Das zentrale Ergebnis wird eine ethisch begründete Checkliste sein, die es den biotechnologischen Unternehmen ermöglicht, explizit ethische Aspekte bei der Produktion und Vermarktung ihrer Produkte zu berücksichtigen und damit als Unternehmen gesellschaftliche bzw. ethische Verantwortung zu übernehmen (was häufig unter dem Schlagwort Corporate Social Responsibility – CSR diskutiert wird). Die Branche könnte dann die Selbstverpflichtung eingehen, diese Checkliste bei der Vermarktung zu beachten.
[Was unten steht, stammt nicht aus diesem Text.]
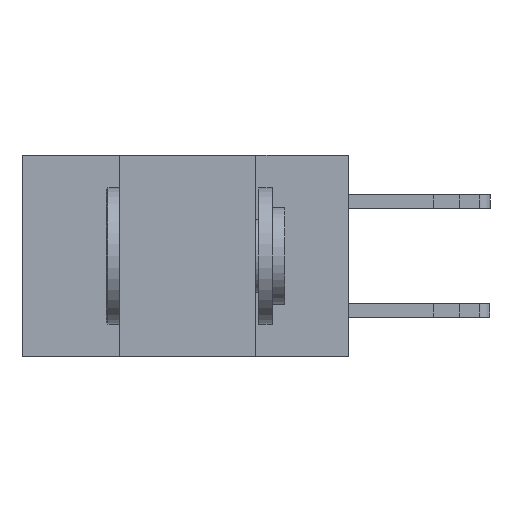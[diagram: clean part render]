
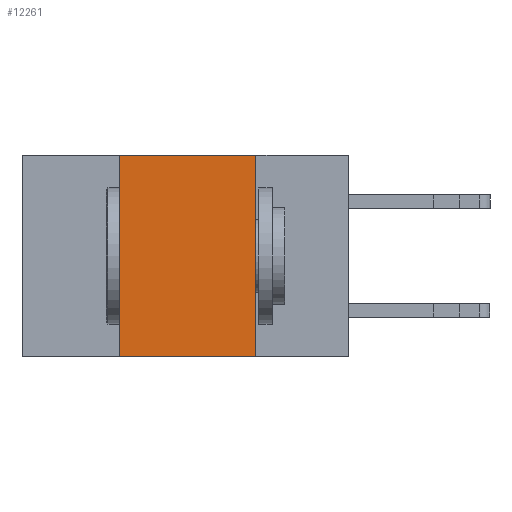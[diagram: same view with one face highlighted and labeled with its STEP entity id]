
A CAD part, left-side view. The second image highlights one B-rep face of the part: STEP entity #12261.
In plain terms, the highlighted planar face has unit normal (-1, 0, 0).
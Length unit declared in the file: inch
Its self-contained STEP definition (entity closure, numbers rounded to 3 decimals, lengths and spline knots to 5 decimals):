
#445 = LINE ( 'NONE', #9860, #6425 ) ;
#1478 = EDGE_CURVE ( 'NONE', #6712, #11704, #445, .T. ) ;
#1547 = DIRECTION ( 'NONE',  ( 0., -1., 0. ) ) ;
#2142 = LINE ( 'NONE', #5084, #14276 ) ;
#2227 = CARTESIAN_POINT ( 'NONE',  ( 0., 0.17, 0. ) ) ;
#2853 = CARTESIAN_POINT ( 'NONE',  ( 0., 0.17, 0. ) ) ;
#3884 = CARTESIAN_POINT ( 'NONE',  ( 0., 0.6, 0. ) ) ;
#4083 = DIRECTION ( 'NONE',  ( 0., 0., -1. ) ) ;
#4588 = VECTOR ( 'NONE', #9075, 39.37008 ) ;
#4708 = DIRECTION ( 'NONE',  ( 0., -1., 0. ) ) ;
#5046 = DIRECTION ( 'NONE',  ( 0., 0., -1. ) ) ;
#5084 = CARTESIAN_POINT ( 'NONE',  ( 0., 0.6, -0.37 ) ) ;
#5559 = VECTOR ( 'NONE', #4083, 39.37008 ) ;
#5846 = AXIS2_PLACEMENT_3D ( 'NONE', #3884, #12078, #5046 ) ;
#6425 = VECTOR ( 'NONE', #1547, 39.37008 ) ;
#6712 = VERTEX_POINT ( 'NONE', #13980 ) ;
#6714 = VERTEX_POINT ( 'NONE', #6795 ) ;
#6795 = CARTESIAN_POINT ( 'NONE',  ( 0., 0.17, -0.37 ) ) ;
#7314 = ORIENTED_EDGE ( 'NONE', *, *, #1478, .F. ) ;
#7371 = ORIENTED_EDGE ( 'NONE', *, *, #12364, .F. ) ;
#8923 = EDGE_CURVE ( 'NONE', #10162, #6714, #2142, .T. ) ;
#9075 = DIRECTION ( 'NONE',  ( 0., 0., 1. ) ) ;
#9101 = CARTESIAN_POINT ( 'NONE',  ( 0., 0.42, 0. ) ) ;
#9176 = EDGE_LOOP ( 'NONE', ( #7371, #7314, #11412, #12011 ) ) ;
#9423 = EDGE_CURVE ( 'NONE', #10162, #6712, #11542, .T. ) ;
#9781 = FACE_OUTER_BOUND ( 'NONE', #9176, .T. ) ;
#9860 = CARTESIAN_POINT ( 'NONE',  ( 0., 0.6, 0. ) ) ;
#10162 = VERTEX_POINT ( 'NONE', #13452 ) ;
#10896 = PLANE ( 'NONE',  #5846 ) ;
#11412 = ORIENTED_EDGE ( 'NONE', *, *, #9423, .F. ) ;
#11437 = LINE ( 'NONE', #2853, #5559 ) ;
#11542 = LINE ( 'NONE', #9101, #4588 ) ;
#11704 = VERTEX_POINT ( 'NONE', #2227 ) ;
#12011 = ORIENTED_EDGE ( 'NONE', *, *, #8923, .T. ) ;
#12078 = DIRECTION ( 'NONE',  ( 1., 0., 0. ) ) ;
#12261 = ADVANCED_FACE ( 'NONE', ( #9781 ), #10896, .F. ) ;
#12364 = EDGE_CURVE ( 'NONE', #11704, #6714, #11437, .T. ) ;
#13452 = CARTESIAN_POINT ( 'NONE',  ( 0., 0.42, -0.37 ) ) ;
#13980 = CARTESIAN_POINT ( 'NONE',  ( 0., 0.42, 0. ) ) ;
#14276 = VECTOR ( 'NONE', #4708, 39.37008 ) ;

Aufgrund der zunehmenden Bedeutung der sog. individualisierten (auch: „personalisierten“, medizinisch korrekter: stratifizierten) Medizin (Hüsing et al., 2008) sollen die Überlegungen am Beispiel genetischer Tests konkretisiert werden. Neben dem Grundkonflikt – Gewinnerzielung versus Patientennutzen – bieten genetische Test eigene ethische Fragestellungen (z.B. angemessener Umgang mit prognostischer Information, Schutz der genetischen Informationen vor dem unberechtigten Zugriff Dritter), die bei einer ethischen Selbstverpflichtung der biotechnologischen Unternehmen zu berücksichtigen sind.

 

 

Literaturangaben:

Hüsing, Bärbel ; Hartig, Juliane ; Bührlen, Bernhard ; Reiß, Thomas ; Gaisser, Sibylle (2008): Individualisierte Medizin und Gesundheitssystem. Zukunftsreport. Arbeitsbericht Nr. 126. Büro für Technikfolgenabschätzung beim Deutschen Bundestag.

 

Strech, Daniel (2009): Zur Ethik einer restriktiven Regulierung der Studienregistrierung. Ethik in der Medizin: online first.

Zur Person

Studium der Volkswirtschaftslehre an der Eberhard Karls Universität Tübingen und an der Université de Paris I Panthéon-Sorbonne. 2003 Diplomarbeit „Ökonomische Anreizmechanismen zur Beschränkung des Freiflächenverbrauchs im Ausland“ in Zusammenarbeit mit dem Institut für Angewandte Wirtschaftsforschung (IAW), Tübingen. 2004 - 2006 Stipendiat im Graduiertenkolleg „Bioethik“ am IZEW. Titel der Dissertation: „Die Ethik des Value of a Statistical Life. Die Rolle individueller Risikokompetenz für die Legitimität des VSL“. 05/2007 - 06/2007 Gastaufenthalt in der Arbeitsgruppe Economics of Safety, Health, Environment and Risk (ESHER), Newcastle University (UK, Prof. M. Jones-Lee, Prof. S. Chilton). November 2007 – November 2009 wissenschaftlicher Mitarbeiter im Projekt „Verantwortung wahrnehmen“ (Ethik als Schlüsselkompetenz) des IZEW. November 2009 – September 2010 wissenschaftlicher Mitarbeiter im BMBF-Forschungsverbund "Allokation" am Institut für Ethik und Geschichte der Medizin, Bereich Ethik der Medizin, Universität Tübingen (Prof. Dr. Georg Marckmann). Promotion zum Dr. rer. pol. im Januar 2010. Von August 2011 bis August 2013 Postdoktorandenstipendiat im Graduiertenkolleg Bioethik am IZEW. Seit September 2013 Referent für Nachhaltige Entwicklung an Fakultät Agrarwirtschaft, Volkswirtschaft und Management der Hochschule für Wirtschaft und Umwelt Nürtingen-Geislingen.